🤖 AI Summary
Existing data reconstruction attacks (DRAs) in federated learning lack a theoretically grounded framework for quantifying privacy risks. Method: This paper introduces the first theory-driven risk quantification framework based on differentiable inverse mapping modeling, proposing Invertibility Loss (InvLoss)—a per-sample upper bound on DRA capability—and deriving its tight analytical upper bound. Through Jacobian spectral analysis, it uncovers a unified mechanism whereby singular value distribution governs DRA risk. It further designs InvRE, an attack-agnostic risk estimator, and an adaptive noise defense strategy. Results: Evaluated on multiple real-world datasets, InvRE achieves <5% risk estimation error; the proposed defense reduces DRA success rate by over 80% without any model accuracy degradation, achieving Pareto-optimal trade-offs between privacy protection and model utility.
📝 Abstract
Data Reconstruction Attacks (DRA) pose a significant threat to Federated Learning (FL) systems by enabling adversaries to infer sensitive training data from local clients. Despite extensive research, the question of how to characterize and assess the risk of DRAs in FL systems remains unresolved due to the lack of a theoretically-grounded risk quantification framework.

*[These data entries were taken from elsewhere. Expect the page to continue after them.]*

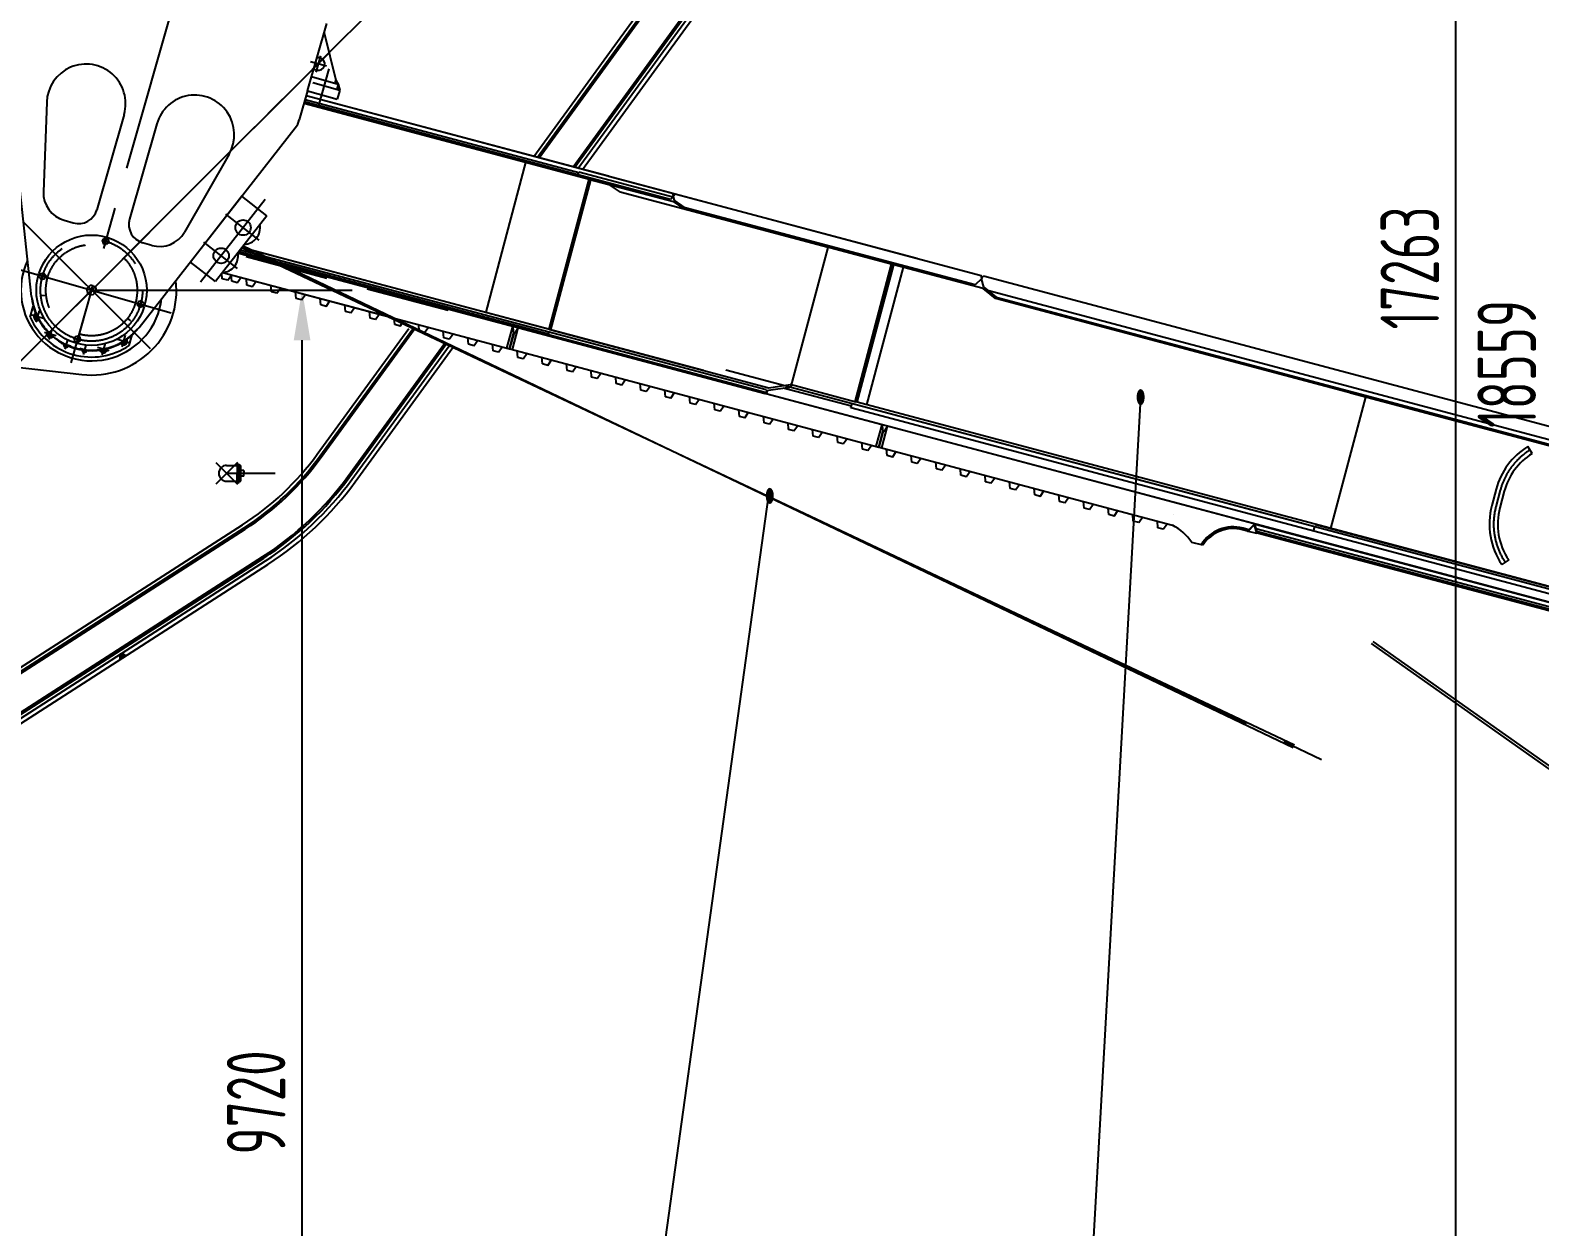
# Model space of a CAD drawing. Header units: millimetres. Extents: x 0 to 42000, y 0 to 29700.
# Drawn here: x 24494 to 33523, y 11457 to 18616 of the extents above; entities that cross this region are included whole.
import ezdxf
from ezdxf.enums import TextEntityAlignment as Align

# ---------------------------------------------------------------- set-up
doc = ezdxf.new("R2010")
doc.units = ezdxf.units.MM
doc.header["$LTSCALE"] = 1000
doc.linetypes.add('F', pattern=[0.75, 0.5, -0.25])
doc.linetypes.add('G', pattern=[2, 1.25, -0.25, 0.25, -0.25])
for name, color, linetype in [('01', 7, 'Continuous'), ('02', 1, 'Continuous'), ('04', 2, 'F'), ('05', 142, 'G'), ('08', 1, 'Continuous')]:
    doc.layers.add(name, color=color, linetype=linetype)
doc.styles.get("Standard").update_dxf_attribs({"font": 'isocp', "width": 0.707, "bigfont": 'intecad.shx'})
doc.dimstyles.new('INTE', dxfattribs={"dimscale": 100, "dimtxt": 3.5, "dimasz": 3, "dimexe": 3, "dimexo": 0, "dimgap": 1, "dimtad": 1, "dimdec": 0, "dimdsep": 46, "dimtxsty": 'Standard', "dimcen": 0, "dimclrd": 1, "dimclre": 1, "dimclrt": 3, "dimaunit": 1, "dimadec": 0, "dimazin": 0, "dimtfac": 1, "dimtdec": 0, "dimtmove": 0, "dimatfit": 0, "dimfxl": 1, "dimarcsym": 0})

# ---------------------------------------------------------------- blocks, each defined once
blk = doc.blocks.new('*U103')
at = {"layer": '01'}
for p, q in [((0, 20), (-18, 9.6)), ((-18, 9.6), (-18, 0)), ((-18, -9.6), (-18, 0)), ((18, 9.6), (0, 20)), ((18, 0), (18, 9.6)), ((18, 0), (18, -9.6)), ((0, -20), (-18, -9.6)), ((18, -9.6), (0, -20))]:
    blk.add_line(p, q, dxfattribs=at)
at = {"layer": '05'}
for p, q in [((-19.7, 0), (20.5, 0)), ((0, 21.6), (0, -21.2))]:
    blk.add_line(p, q, dxfattribs=at)
blk = doc.blocks.new('*U104')
at = {"layer": '01'}
for p, q in [((0, 30.4), (-27.5, 14.5)), ((-27.5, 14.5), (-27.5, 0)), ((-27.5, -14.5), (-27.5, 0)), ((27.5, 14.5), (0, 30.4)), ((27.5, 0), (27.5, 14.5)), ((27.5, 0), (27.5, -14.5)), ((0, -30.4), (-27.5, -14.5)), ((27.5, -14.5), (0, -30.4))]:
    blk.add_line(p, q, dxfattribs=at)
at = {"layer": '05'}
for p, q in [((-29.2, 0), (30, 0)), ((0, 32), (0, -31.6))]:
    blk.add_line(p, q, dxfattribs=at)
blk = doc.blocks.new('*D675')
at = {"layer": '08', "color": 1, "lineweight": -2}
for p, q in [((32404, 24603.7), (33320.5, 24603.7)), ((33020.5, 7640.5), (33020.5, 24303.7)), ((18876.1, 7340.5), (33320.5, 7340.5))]:
    blk.add_line(p, q, dxfattribs=at)
at = {"layer": '08', "color": 1}
for points in [[(32970.5, 24303.7), (33070.5, 24303.7), (33020.5, 24603.7)], [(32970.5, 7640.5), (33070.5, 7640.5), (33020.5, 7340.5)]]:
    blk.add_solid(points, dxfattribs=at)
at = {"layer": 'DEFPOINTS', "color": 0}
for p in [(32404, 24603.7), (33020.5, 24603.7), (18876.1, 7340.5)]:
    blk.add_point(p, dxfattribs=at)
at = {"layer": '08', "color": 3, "insert": (32745.5, 17193.2), "char_height": 350, "attachment_point": 5, "rotation": 90}
blk.add_mtext('17263', dxfattribs=at)
blk = doc.blocks.new('*D676')
at = {"layer": '08', "color": 1, "lineweight": -2}
for p, q in [((32404, 25899.2), (33900.9, 25899.2)), ((33600.9, 7640.5), (33600.9, 25599.2)), ((28531.9, 7340.5), (33900.9, 7340.5))]:
    blk.add_line(p, q, dxfattribs=at)
at = {"layer": '08', "color": 1}
for points in [[(33550.9, 25599.2), (33650.9, 25599.2), (33600.9, 25899.2)], [(33550.9, 7640.5), (33650.9, 7640.5), (33600.9, 7340.5)]]:
    blk.add_solid(points, dxfattribs=at)
at = {"layer": 'DEFPOINTS', "color": 0}
for p in [(32404, 25899.2), (33600.9, 25899.2), (28531.9, 7340.5)]:
    blk.add_point(p, dxfattribs=at)
at = {"layer": '08', "color": 3, "insert": (33325.9, 16619.8), "char_height": 350, "attachment_point": 5, "rotation": 90}
blk.add_mtext('18559', dxfattribs=at)
blk = doc.blocks.new('*D682')
at = {"layer": '08', "color": 1, "lineweight": -2}
for p, q in [((24860.7, 17060.6), (26420, 17060.6)), ((26120, 7640.5), (26120, 16760.6)), ((22234, 7340.5), (26420, 7340.5))]:
    blk.add_line(p, q, dxfattribs=at)
at = {"layer": '08', "color": 1}
for points in [[(26070, 16760.6), (26170, 16760.6), (26120, 17060.6)], [(26070, 7640.5), (26170, 7640.5), (26120, 7340.5)]]:
    blk.add_solid(points, dxfattribs=at)
at = {"layer": 'DEFPOINTS', "color": 0}
for p in [(24860.7, 17060.6), (26120, 17060.6), (22234, 7340.5)]:
    blk.add_point(p, dxfattribs=at)
at = {"layer": '08', "color": 3, "insert": (25844.9, 12200.6), "char_height": 350, "attachment_point": 5, "rotation": 90}
blk.add_mtext('9720', dxfattribs=at)
blk = doc.blocks.new('gfsds')
for points in [[(84484.5, 18863.7), (84486.2, 18869.9), (84482.9, 18870.8), (84481.3, 18864.7), (84444.1, 18827.3), (84447.4, 18826.4)], [(84487.5, 18863.4), (84489.1, 18869.2), (84486.2, 18869.9), (84484.5, 18863.7), (84484.4, 18863.5), (84497.4, 18815.2), (84500.8, 18814.3)]]:
    blk.add_hatch(color=256).paths.add_polyline_path(points)
for p, q in [((80443.7, 20970.5), (78806.4, 21406.3)), ((81006.3, 20847.6), (78813.6, 21431.3)), ((80509.3, 20930.2), (78800.4, 21385.1)), ((80993.2, 20811.8), (78803.1, 21394.8)), ((80440.6, 20958.9), (80444.6, 20974)), ((81005.9, 20824.5), (80444.6, 20974)), ((80503.8, 20931.7), (80265.3, 20035.9)), ((80270.9, 20034.4), (80509.3, 20930.2)), ((80277.2, 20031.7), (80515.6, 20927.5)), ((81008.7, 20827.3), (80993.2, 20811.8)), ((81010.2, 20833.1), (81006.3, 20847.6)), ((81008.7, 20827.3), (81010.2, 20833.1)), ((81008.7, 20827.3), (81010.2, 20833.1)), ((81008.7, 20827.3), (81014.4, 20806.1)), ((81009.7, 20796), (81076.7, 20752.3)), ((81010.2, 20833.1), (81020.8, 20843.8)), ((81081.2, 20761.5), (81014.4, 20806.1)), ((81020.8, 20843.8), (82850.1, 20356.8)), ((82815.8, 20299.7), (81081.2, 20761.5)), ((78430.4, 20524.3), (80270.9, 20034.4)), ((80048.5, 20051.2), (78402.9, 20489.2)), ((82313.1, 20423.2), (82094.2, 19600.8)), ((82109, 19597.9), (82327.9, 20420.3)), ((82861.8, 20278.2), (82320.6, 20422.2)), ((78311.8, 20336.8), (78308.9, 20369)), ((78343.8, 20328.3), (78311.8, 20336.8)), ((78313.6, 20375), (80029.7, 19918.2)), ((78343.8, 20328.3), (78366.5, 20360.9)), ((78459.1, 20297.6), (78455.5, 20337.2)), ((78491.1, 20289.1), (78513.8, 20321.7)), ((82852.5, 20336.5), (82815.8, 20299.7)), ((82854, 20342.3), (82850.1, 20356.8)), ((82854, 20342.3), (82852.5, 20336.5)), ((82854, 20342.3), (82852.5, 20336.5)), ((82866, 20286.4), (82852.5, 20336.5)), ((82864.6, 20353), (82854, 20342.3)), ((86715.1, 19328), (82864.6, 20353)), ((78491.1, 20289.1), (78459.1, 20297.6)), ((78606.3, 20258.4), (78602.8, 20298)), ((78638.3, 20249.9), (78606.3, 20258.4)), ((78638.3, 20249.9), (78661.1, 20282.5)), ((78753.6, 20219.2), (78750.1, 20258.8)), ((78785.6, 20210.7), (78808.4, 20243.3)), ((82937.3, 20217.7), (82861.8, 20278.2)), ((82866, 20286.4), (82941.3, 20227)), ((82888.7, 20268.5), (86737.8, 19243.9)), ((82941.3, 20227), (86745.8, 19214.3)), ((78785.6, 20210.7), (78753.6, 20219.2)), ((78900.9, 20180), (78897.4, 20219.6)), ((78932.9, 20171.5), (78900.9, 20180)), ((78932.9, 20171.5), (78955.6, 20204.1)), ((79048.2, 20140.8), (79044.6, 20180.4)), ((79080.2, 20132.3), (79048.2, 20140.8)), ((79080.2, 20132.3), (79102.9, 20164.9)), ((79195.4, 20101.6), (79191.9, 20141.2)), ((86752.9, 19202), (82937.3, 20217.7)), ((79227.4, 20093.1), (79195.4, 20101.6)), ((79227.4, 20093.1), (79250.2, 20125.7)), ((79342.7, 20062.4), (79339.2, 20102)), ((79374.7, 20053.9), (79342.7, 20062.4)), ((79374.7, 20053.9), (79397.4, 20086.5)), ((79490, 20023.2), (79486.4, 20062.8)), ((79522, 20014.7), (79544.7, 20047.3)), ((80014.2, 19922.3), (80048.5, 20051.2)), ((79522, 20014.7), (79490, 20023.2)), ((79637.2, 19984), (79633.7, 20023.6)), ((79669.2, 19975.5), (79637.2, 19984)), ((79669.2, 19975.5), (79692, 20008.1)), ((79784.5, 19944.8), (79781, 19984.4)), ((79816.5, 19936.3), (79839.3, 19968.9)), ((80029.7, 19918.2), (80055.7, 20016.2)), ((80032.4, 19917.5), (80058.5, 20015.4)), ((80047.5, 19985.2), (80049.6, 19993)), ((80047.8, 19913.4), (80082.1, 20042.2)), ((80055.7, 20016.2), (80053.7, 20008.4)), ((80055.7, 20016.2), (80053.7, 20008.4)), ((80055.7, 20016.2), (80053.7, 20008.4)), ((80058.5, 20015.4), (80056.4, 20007.7)), ((80058.5, 20015.4), (80056.4, 20007.7)), ((80058.5, 20015.4), (80056.4, 20007.7)), ((82257.6, 19463.2), (80082.1, 20042.2)), ((80260.3, 19994.8), (80266.8, 20019)), ((79816.5, 19936.3), (79784.5, 19944.8)), ((79931.8, 19905.6), (79928.3, 19945.2)), ((79963.8, 19897.1), (79931.8, 19905.6)), ((79963.8, 19897.1), (79986.5, 19929.7)), ((80032.4, 19917.5), (82238.7, 19330.2)), ((80079.1, 19866.4), (80075.5, 19906)), ((80111.1, 19857.9), (80079.1, 19866.4)), ((80111.1, 19857.9), (80133.8, 19890.5)), ((80226.3, 19827.2), (80222.8, 19866.8)), ((80258.3, 19818.7), (80226.3, 19827.2)), ((80258.3, 19818.7), (80281.1, 19851.3)), ((80373.6, 19788), (80370.1, 19827.6)), ((80405.6, 19779.5), (80373.6, 19788)), ((80405.6, 19779.5), (80428.3, 19812.1)), ((80520.9, 19748.8), (80517.3, 19788.4)), ((80552.9, 19740.3), (80520.9, 19748.8)), ((80552.9, 19740.3), (80575.6, 19772.9)), ((80668.1, 19709.6), (80664.6, 19749.2)), ((80700.1, 19701.1), (80668.1, 19709.6)), ((80700.1, 19701.1), (80722.9, 19733.7)), ((80815.4, 19670.4), (80811.9, 19710)), ((80847.4, 19661.9), (80870.2, 19694.5)), ((81578.9, 19670.7), (81707.2, 19688.3)), ((81580, 19684.9), (81709.1, 19703.3)), ((86530.2, 18404.5), (81707.2, 19688.3)), ((80847.4, 19661.9), (80815.4, 19670.4)), ((80962.7, 19631.2), (80959.2, 19670.8)), ((80994.7, 19622.7), (80962.7, 19631.2)), ((80994.7, 19622.7), (81017.4, 19655.3)), ((81110, 19592), (81106.4, 19631.6)), ((81142, 19583.5), (81164.7, 19616.1)), ((81567.5, 19657.2), (81568.3, 19660.1)), ((81567.5, 19657.2), (81570.5, 19646.1)), ((81568.3, 19660.1), (81578.9, 19670.7)), ((86468.3, 18342.3), (81570.5, 19646.1)), ((82074.3, 19574.5), (81667.2, 19682.8)), ((86544, 18417.4), (82101.7, 19599.9)), ((84942.5, 18842.6), (85151.6, 19628.3)), ((86752.9, 19202), (85059.8, 19652.7)), ((81142, 19583.5), (81110, 19592)), ((81257.2, 19552.8), (81253.7, 19592.4)), ((81289.2, 19544.3), (81257.2, 19552.8)), ((81289.2, 19544.3), (81312, 19576.9)), ((81404.5, 19513.6), (81401, 19553.2)), ((81436.5, 19505.1), (81404.5, 19513.6)), ((81436.5, 19505.1), (81459.2, 19537.7)), ((81551.8, 19474.4), (81548.2, 19514)), ((82071.4, 19563.9), (82078.3, 19589.5)), ((86508.6, 18382.8), (82071.4, 19563.9)), ((81583.8, 19465.9), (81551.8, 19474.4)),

In this work, we address this gap by introducing Invertibility Loss (InvLoss) to quantify the maximum achievable effectiveness of DRAs for a given data instance and FL model. We derive a tight and computable upper bound for InvLoss and explore its implications from three perspectives. First, we show that DRA risk is governed by the spectral properties of the Jacobian matrix of exchanged model updates or feature embeddings, providing a unified explanation for the effectiveness of defense methods. Second, we develop InvRE, an InvLoss-based DRA risk estimator that offers attack method-agnostic, comprehensive risk evaluation across data instances and model architectures. Third, we propose two adaptive noise perturbation defenses that enhance FL privacy without harming classification accuracy. Extensive experiments on real-world datasets validate our framework, demonstrating its potential for systematic DRA risk evaluation and mitigation in FL systems.